# Carolina Horsenettle



## Greyhorse (Jun 22, 2009)

Anybody know what to spray this stuff with that will actually kill it? We've tried Grazon P+D, 2-4 D and I believe Surmount in our Coastal field, nothing seems to kill it..... Might knock the above ground part down but as soon as a rain hits it's back up again. Hogs seem to be spreading it around from what I can tell, looks like they eat the fruits and then deposit them wherever they please. I would post a picture but Flash 9 is required and I'm using an iPad at the moment. Thanks


----------



## Vol (Jul 5, 2009)

Greyhorse said:


> Anybody know what to spray this stuff with that will actually kill it? We've tried Grazon P+D, 2-4 D and I believe Surmount in our Coastal field, nothing seems to kill it..... Might knock the above ground part down but as soon as a rain hits it's back up again. Hogs seem to be spreading it around from what I can tell, looks like they eat the fruits and then deposit them wherever they please. I would post a picture but Flash 9 is required and I'm using an iPad at the moment. Thanks


Neighbor said he had to spray 3 years in a row to get rid of his nettle with P&D.....I have had real good results using Milestone and it is labeled for Horsenettle....has some residual but is great on grasses .

Regards, Mike


----------



## Greyhorse (Jun 22, 2009)

Thanks, was just reading about Milestone and ForeFront, they sound promising. Dang stuff is nasty and hard to get rid of!


----------



## Hand&Hand Farms (Feb 5, 2011)

That stuff is hard to get rid of. Glad to see another DB fan on here. I wish I could get a new one.


----------



## Greyhorse (Jun 22, 2009)

hay&litter said:


> That stuff is hard to get rid of. Glad to see another DB fan on here. I wish I could get a new one.


Yep, pretty good tractor, runs forever on a tank of fuel. I wish the power shift or hydra shift I think is what it's called worked right on mine. It only works on 1 & 3...... Afraid a previous owner ran it out of adjustment and with water in the trans too long.
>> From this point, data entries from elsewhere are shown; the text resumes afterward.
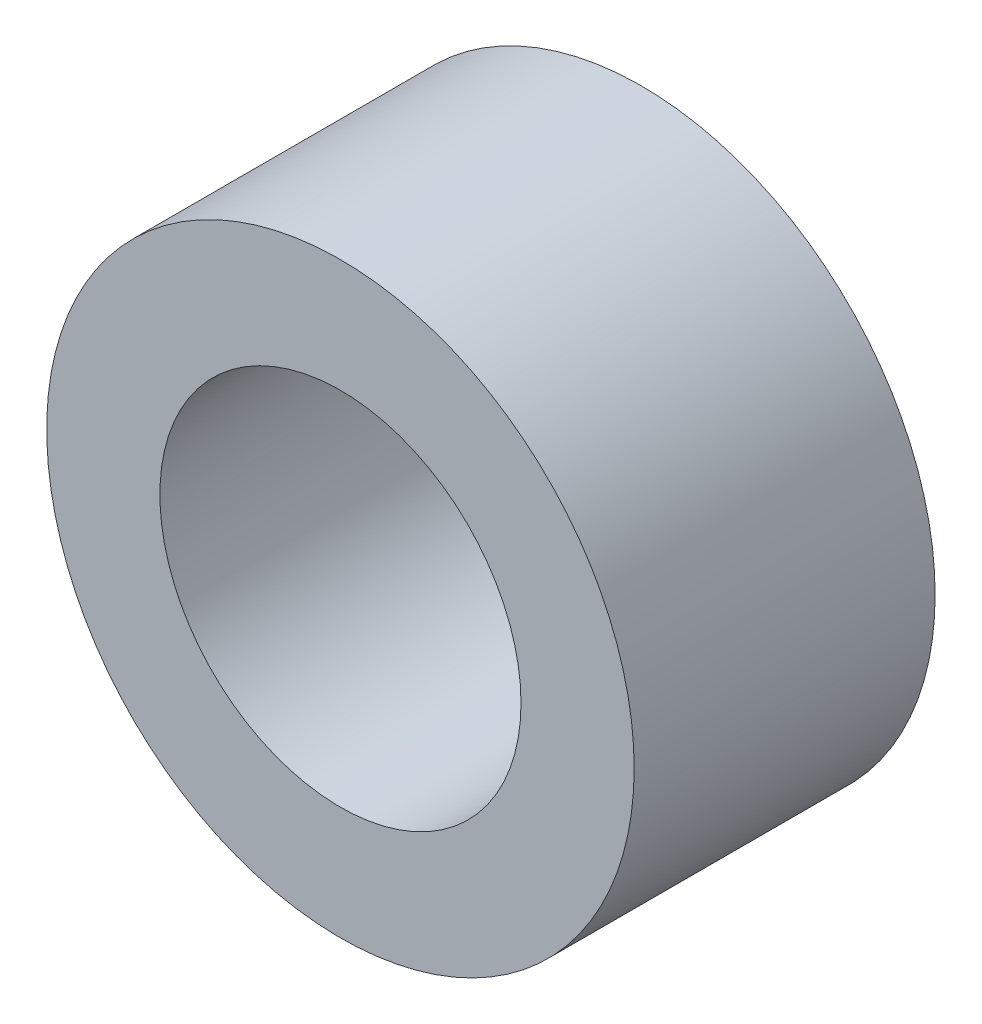
SolidWorks part; units mm, degrees
ref_plane "Front Plane" through (0, 0, 0) normal (0, 0, 1) x (1, 0, 0)
ref_plane "Top Plane" through (0, 0, 0) normal (0, 1, 0) x (1, 0, 0)
ref_plane "Right Plane" through (0, 0, 0) normal (1, 0, 0) x (0, 0, -1)
sketch "Sketch1" plane through (0, 0, 0) normal (0, 0, 1) x (1, 0, 0)
  circle A0 centre (0, 0) radius 3
  circle A1 centre (0, 0) radius 4.8805
  dimension "D1" = 6
extrude "Boss-Extrude1" add sketch "Sketch1" along normal blind 5

If that worked in all gears it would be a great square baler tractor, as is it's still pretty good.


----------



## cwright (Oct 19, 2011)

Where do you buy Milestone?


----------



## Vol (Jul 5, 2009)

cwright said:


> Where do you buy Milestone?


Charles I get mine at Sevier Farmers Co-op, and I would think that Jefferson Farmers would also carry it.

Regards, Mike


----------



## mlappin (Jun 25, 2009)

If this is the same stuff we have, we've always been told to get soil tests as it prefers acidic soils. Like I said though, if it's the same and that's what we've been told.


----------



## Vol (Jul 5, 2009)

mlappin said:


> If this is the same stuff we have, we've always been told to get soil tests as it prefers acidic soils. Like I said though, if it's the same and that's what we've been told.


Horsenettle is a deeply rooted spiny plant with a tomato like seed fruit....nasty stuff. Heres some pics. It grows where it pleases.

http://www.google.co...iw=1280&bih=579

Regards, Mike


----------



## mlappin (Jun 25, 2009)

Vol said:


> Horsenettle is a deeply rooted spiny plant with a tomato like seed fruit....nasty stuff. Heres some pics. It grows where it pleases.
> 
> http://www.google.co...iw=1280&bih=579
> 
> Regards, Mike


Yup, same stuff.


----------



## cwright (Oct 19, 2011)

Vol said:


> Charles I get mine at Sevier Farmers Co-op, and I would think that Jefferson Farmers would also carry it.
> 
> Regards, Mike


Jeff Co-Op didnt have it on the shelf so will check Sevier. I have some Horsenettle and Maypop and was lookong for something that would really kill it. 24d just solws it down a little.
Directions say it is OK to mix with 24 D for broadcast spraying.


----------